China's National Social Security Fund has made its initial foray into the investment market to become a major limited partner (LP) in the country, which is just in line with the government's policy of boosting the development of venture capital (VC) and private equity (PE) markets, according to last week's 2009 LP Summit of China Venture, a research and consulting firm.
Over the past few years, domestic VC and PE markets have made great progresses, and the National Social Security Fund's initial foray into the investment market is expected to help carve out more opportunities for the emergence of local VC and PE firms.
Cao Wenlian, deputy director of the department of finance and fiscal affairs with the National Development and Reform Commission (NDRC), China's top economic planner, voiced at the Summit that the fast expansion of investment markets depends on the sound emergence of limited partnerships which in previous times saw sluggish growth.
He explained this referred to the timidity shown by such players to put their money into overseas investments even if they had been courted for a while by outside firms. In addition, government watchdogs' concerns about investment risks may also have influenced decisions.
Cao said the NDRC had consulted with relevant agencies for consensus, in a bid to grant pension funds, insurers and commercial banks the access to the PE and VC markets.

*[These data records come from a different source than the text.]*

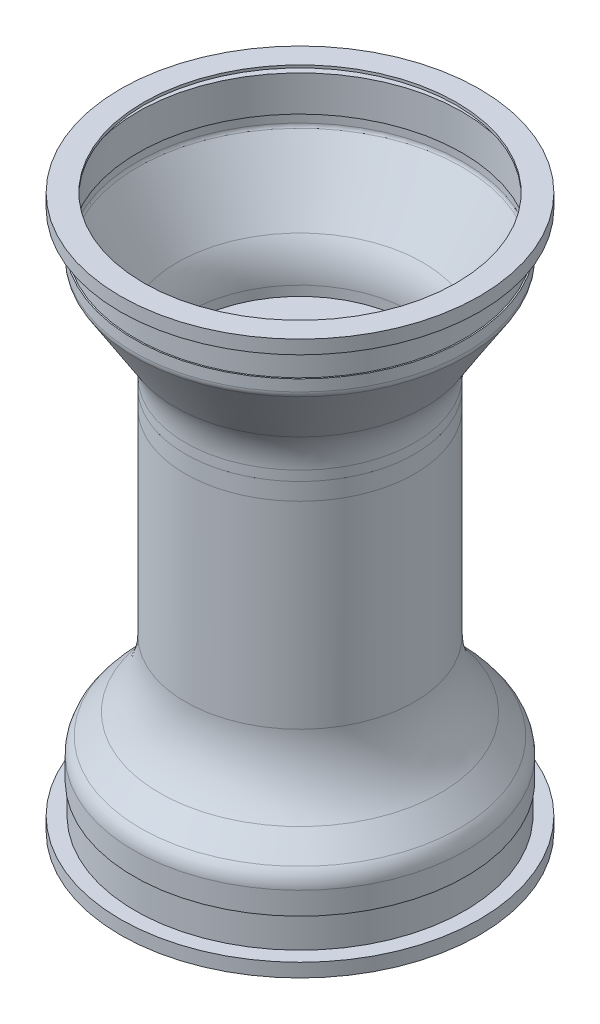
ISO-10303-21;
HEADER;
FILE_DESCRIPTION(('STEP AP214'),'2;1');
FILE_NAME('part.step','',(''),(''),'','','');
FILE_SCHEMA(('AUTOMOTIVE_DESIGN { 1 0 10303 214 1 1 1 1 }'));
ENDSEC;
DATA;
#1=APPLICATION_CONTEXT('core data for automotive mechanical design processes');
#2=APPLICATION_PROTOCOL_DEFINITION('international standard','automotive_design',2000,#1);
#3=PRODUCT_CONTEXT('',#1,'mechanical');
#4=PRODUCT('Part','Part','',(#3));
#5=PRODUCT_RELATED_PRODUCT_CATEGORY('part','',(#4));
#6=PRODUCT_DEFINITION_FORMATION('','',#4);
#7=PRODUCT_DEFINITION_CONTEXT('part definition',#1,'design');
#8=PRODUCT_DEFINITION('design','',#6,#7);
#9=PRODUCT_DEFINITION_SHAPE('','',#8);
#10=(LENGTH_UNIT() NAMED_UNIT(*) SI_UNIT(.MILLI.,.METRE.));
#11=(NAMED_UNIT(*) PLANE_ANGLE_UNIT() SI_UNIT($,.RADIAN.));
#12=(NAMED_UNIT(*) SI_UNIT($,.STERADIAN.) SOLID_ANGLE_UNIT());
#13=UNCERTAINTY_MEASURE_WITH_UNIT(LENGTH_MEASURE(1.E-05),#10,'distance_accuracy_value','');
#14=(GEOMETRIC_REPRESENTATION_CONTEXT(3) GLOBAL_UNCERTAINTY_ASSIGNED_CONTEXT((#13)) GLOBAL_UNIT_ASSIGNED_CONTEXT((#10,
#11,#12)) REPRESENTATION_CONTEXT('',''));
#15=CARTESIAN_POINT('',(0.,0.,0.));
#16=DIRECTION('',(0.,0.,1.));
#17=DIRECTION('',(1.,0.,0.));
#18=AXIS2_PLACEMENT_3D('',#15,#16,#17);
#19=CARTESIAN_POINT('',(0.,208.55,0.));
#20=DIRECTION('',(0.,1.,0.));
#21=DIRECTION('',(0.,0.,1.));
#22=AXIS2_PLACEMENT_3D('',#19,#20,#21);
#23=PLANE('',#22);
#24=CARTESIAN_POINT('',(0.,208.55,0.));
#25=DIRECTION('',(0.,1.,0.));
#26=DIRECTION('',(0.,0.,1.));
#27=AXIS2_PLACEMENT_3D('',#24,#25,#26);
#28=CIRCLE('',#27,59.25);
#29=CARTESIAN_POINT('',(0.,208.55,59.25));
#30=VERTEX_POINT('',#29);
#31=EDGE_CURVE('E70',#30,#30,#28,.T.);
#32=ORIENTED_EDGE('',*,*,#31,.T.);
#33=EDGE_LOOP('',(#32));
#34=FACE_BOUND('',#33,.T.);
#35=CARTESIAN_POINT('',(0.,208.55,0.));
#36=DIRECTION('',(0.,1.,0.));
#37=DIRECTION('',(0.,0.,1.));
#38=AXIS2_PLACEMENT_3D('',#35,#36,#37);
#39=CIRCLE('',#38,67.);
#40=CARTESIAN_POINT('',(0.,208.55,67.));
#41=VERTEX_POINT('',#40);
#42=EDGE_CURVE('E131',#41,#41,#39,.F.);
#43=ORIENTED_EDGE('',*,*,#42,.T.);
#44=EDGE_LOOP('',(#43));
#45=FACE_BOUND('',#44,.T.);
#46=ADVANCED_FACE('F44',(#34,#45),#23,.F.);
#47=CARTESIAN_POINT('',(0.,0.,0.));
#48=DIRECTION('',(0.,-1.,0.));
#49=DIRECTION('',(0.,0.,-1.));
#50=AXIS2_PLACEMENT_3D('',#47,#48,#49);
#51=CYLINDRICAL_SURFACE('',#50,67.);
#52=ORIENTED_EDGE('',*,*,#42,.F.);
#53=EDGE_LOOP('',(#52));
#54=FACE_BOUND('',#53,.T.);
#55=CARTESIAN_POINT('',(0.,205.4,0.));
#56=DIRECTION('',(0.,-1.,0.));
#57=DIRECTION('',(0.,0.,-1.));
#58=AXIS2_PLACEMENT_3D('',#55,#56,#57);
#59=CIRCLE('',#58,67.);
#60=CARTESIAN_POINT('',(0.,205.4,-67.));
#61=VERTEX_POINT('',#60);
#62=EDGE_CURVE('E179',#61,#61,#59,.T.);
#63=ORIENTED_EDGE('',*,*,#62,.T.);
#64=EDGE_LOOP('',(#63));
#65=FACE_BOUND('',#64,.T.);
#66=ADVANCED_FACE('F244',(#54,#65),#51,.F.);
#67=CARTESIAN_POINT('',(68.,205.4,0.));
#68=DIRECTION('',(0.,-1.,0.));
#69=DIRECTION('',(0.,0.,-1.));
#70=AXIS2_PLACEMENT_3D('',#67,#68,#69);
#71=PLANE('',#70);
#72=ORIENTED_EDGE('',*,*,#62,.F.);
#73=EDGE_LOOP('',(#72));
#74=FACE_BOUND('',#73,.T.);
#75=CARTESIAN_POINT('',(0.,205.4,0.));
#76=DIRECTION('',(0.,-1.,0.));
#77=DIRECTION('',(0.,0.,-1.));
#78=AXIS2_PLACEMENT_3D('',#75,#76,#77);
#79=CIRCLE('',#78,61.4);
#80=CARTESIAN_POINT('',(0.,205.4,-61.4));
#81=VERTEX_POINT('',#80);
#82=EDGE_CURVE('E176',#81,#81,#79,.T.);
#83=ORIENTED_EDGE('',*,*,#82,.T.);
#84=EDGE_LOOP('',(#83));
#85=FACE_BOUND('',#84,.T.);
#86=ADVANCED_FACE('F250',(#74,#85),#71,.F.);
#87=CARTESIAN_POINT('',(0.,0.,0.));
#88=DIRECTION('',(0.,-1.,0.));
#89=DIRECTION('',(0.,0.,-1.));
#90=AXIS2_PLACEMENT_3D('',#87,#88,#89);
#91=CYLINDRICAL_SURFACE('',#90,61.4);
#92=ORIENTED_EDGE('',*,*,#82,.F.);
#93=EDGE_LOOP('',(#92));
#94=FACE_BOUND('',#93,.T.);
#95=CARTESIAN_POINT('',(0.,191.9,0.));
#96=DIRECTION('',(0.,1.,0.));
#97=DIRECTION('',(0.,0.,1.));
#98=AXIS2_PLACEMENT_3D('',#95,#96,#97);
#99=CIRCLE('',#98,61.4);
#100=CARTESIAN_POINT('',(0.,191.9,61.4));
#101=VERTEX_POINT('',#100);
#102=EDGE_CURVE('E173',#101,#101,#99,.F.);
#103=ORIENTED_EDGE('',*,*,#102,.T.);
#104=EDGE_LOOP('',(#103));
#105=FACE_BOUND('',#104,.T.);
#106=ADVANCED_FACE('F260',(#94,#105),#91,.F.);
#107=CARTESIAN_POINT('',(62.4,191.9,0.));
#108=DIRECTION('',(0.,1.,0.));
#109=DIRECTION('',(0.,0.,1.));
#110=AXIS2_PLACEMENT_3D('',#107,#108,#109);
#111=PLANE('',#110);
#112=ORIENTED_EDGE('',*,*,#102,.F.);
#113=EDGE_LOOP('',(#112));
#114=FACE_BOUND('',#113,.T.);
#115=CARTESIAN_POINT('',(0.,191.9,0.));
#116=DIRECTION('',(0.,1.,0.));
#117=DIRECTION('',(0.,0.,1.));
#118=AXIS2_PLACEMENT_3D('',#115,#116,#117);
#119=CIRCLE('',#118,61.9);
#120=CARTESIAN_POINT('',(0.,191.9,61.9));
#121=VERTEX_POINT('',#120);
#122=EDGE_CURVE('E170',#121,#121,#119,.F.);
#123=ORIENTED_EDGE('',*,*,#122,.T.);
#124=EDGE_LOOP('',(#123));
#125=FACE_BOUND('',#124,.T.);
#126=ADVANCED_FACE('F264',(#114,#125),#111,.F.);
#127=CARTESIAN_POINT('',(0.,0.,0.));
#128=DIRECTION('',(0.,-1.,0.));
#129=DIRECTION('',(0.,0.,-1.));
#130=AXIS2_PLACEMENT_3D('',#127,#128,#129);
#131=CYLINDRICAL_SURFACE('',#130,61.9);
#132=ORIENTED_EDGE('',*,*,#122,.F.);
#133=EDGE_LOOP('',(#132));
#134=FACE_BOUND('',#133,.T.);
#135=CARTESIAN_POINT('',(0.,188.6,0.));
#136=DIRECTION('',(0.,-1.,0.));
#137=DIRECTION('',(0.,0.,-1.));
#138=AXIS2_PLACEMENT_3D('',#135,#136,#137);
#139=CIRCLE('',#138,61.9);
#140=CARTESIAN_POINT('',(0.,188.6,-61.9));
#141=VERTEX_POINT('',#140);
#142=EDGE_CURVE('E167',#141,#141,#139,.T.);
#143=ORIENTED_EDGE('',*,*,#142,.T.);
#144=EDGE_LOOP('',(#143));
#145=FACE_BOUND('',#144,.T.);
#146=ADVANCED_FACE('F268',(#134,#145),#131,.F.);
#147=CARTESIAN_POINT('',(0.,188.6,0.));
#148=DIRECTION('',(0.,-1.,0.));
#149=DIRECTION('',(0.,0.,-1.));
#150=AXIS2_PLACEMENT_3D('',#147,#148,#149);
#151=TOROIDAL_SURFACE('',#150,59.2205141189999,2.67948588100005);
#152=ORIENTED_EDGE('',*,*,#142,.F.);
#153=EDGE_LOOP('',(#152));
#154=FACE_BOUND('',#153,.T.);
#155=CARTESIAN_POINT('',(0.,187.173061495378,0.));
#156=DIRECTION('',(0.,1.,0.));
#157=DIRECTION('',(0.,0.,1.));
#158=AXIS2_PLACEMENT_3D('',#155,#156,#157);
#159=CIRCLE('',#158,61.4884407250666);
#160=CARTESIAN_POINT('',(0.,187.173061495378,61.4884407250666));
#161=VERTEX_POINT('',#160);
#162=EDGE_CURVE('E164',#161,#161,#159,.F.);
#163=ORIENTED_EDGE('',*,*,#162,.T.);
#164=EDGE_LOOP('',(#163));
#165=FACE_BOUND('',#164,.T.);
#166=ADVANCED_FACE('F272',(#154,#165),#151,.F.);
#167=CARTESIAN_POINT('',(0.,163.392515489979,0.));
#168=DIRECTION('',(0.,1.,0.));
#169=DIRECTION('',(0.,0.,1.));
#170=AXIS2_PLACEMENT_3D('',#167,#168,#169);
#171=CONICAL_SURFACE('',#170,46.5261502059324,0.561600916043491);
#172=ORIENTED_EDGE('',*,*,#162,.F.);
#173=EDGE_LOOP('',(#172));
#174=FACE_BOUND('',#173,.T.);
#175=CARTESIAN_POINT('',(0.,163.392515489979,0.));
#176=DIRECTION('',(0.,-1.,0.));
#177=DIRECTION('',(0.,0.,-1.));
#178=AXIS2_PLACEMENT_3D('',#175,#176,#177);
#179=CIRCLE('',#178,46.5261502059324);
#180=CARTESIAN_POINT('',(0.,163.392515489979,-46.5261502059324));
#181=VERTEX_POINT('',#180);
#182=EDGE_CURVE('E161',#181,#181,#179,.T.);
#183=ORIENTED_EDGE('',*,*,#182,.T.);
#184=EDGE_LOOP('',(#183));
#185=FACE_BOUND('',#184,.T.);
#186=ADVANCED_FACE('F276',(#174,#185),#171,.F.);
#187=CARTESIAN_POINT('',(0.,149.204409301659,0.));
#188=DIRECTION('',(0.,-1.,0.));
#189=DIRECTION('',(0.,0.,-1.));
#190=AXIS2_PLACEMENT_3D('',#187,#188,#189);
#191=TOROIDAL_SURFACE('',#190,69.0762344667182,26.6422344667182);
#192=ORIENTED_EDGE('',*,*,#182,.F.);
#193=EDGE_LOOP('',(#192));
#194=FACE_BOUND('',#193,.T.);
#195=CARTESIAN_POINT('',(0.,149.204409301659,0.));
#196=DIRECTION('',(0.,-1.,0.));
#197=DIRECTION('',(0.,0.,-1.));
#198=AXIS2_PLACEMENT_3D('',#195,#196,#197);
#199=CIRCLE('',#198,42.434);
#200=CARTESIAN_POINT('',(0.,149.204409301659,-42.434));
#201=VERTEX_POINT('',#200);
#202=EDGE_CURVE('E158',#201,#201,#199,.T.);
#203=ORIENTED_EDGE('',*,*,#202,.T.);
#204=EDGE_LOOP('',(#203));
#205=FACE_BOUND('',#204,.T.);
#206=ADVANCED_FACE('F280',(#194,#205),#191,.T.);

China's investments industry remained on the rise despite the second half of 2008 which saw the serious global financial crisis, Cao said.
According to a survey carried out by ChinaVenture, 60 percent of overseas LPs will increase their investments in China, while another 20 percent will maintain their current investment momentum, despite the global economic downturn.
Ching Tan, Managing Director and Chief Representative of the Greater China Region of Siguler Guff, said that the company's China-focused allocation in its investment portfolio remained unchanged.
In the second round investment to the BRIC countries (Brazil, Russia, India and China), the allocation to China has been as high as 50 percent, Tan added.
Lucian Wu, Managing Director of Paul Capital, echoed Tan's remarks and said, "Paul Capital just slowed down its investment rather than changed its investment strategies. We see more opportunities in China, and may invest much more here than in India."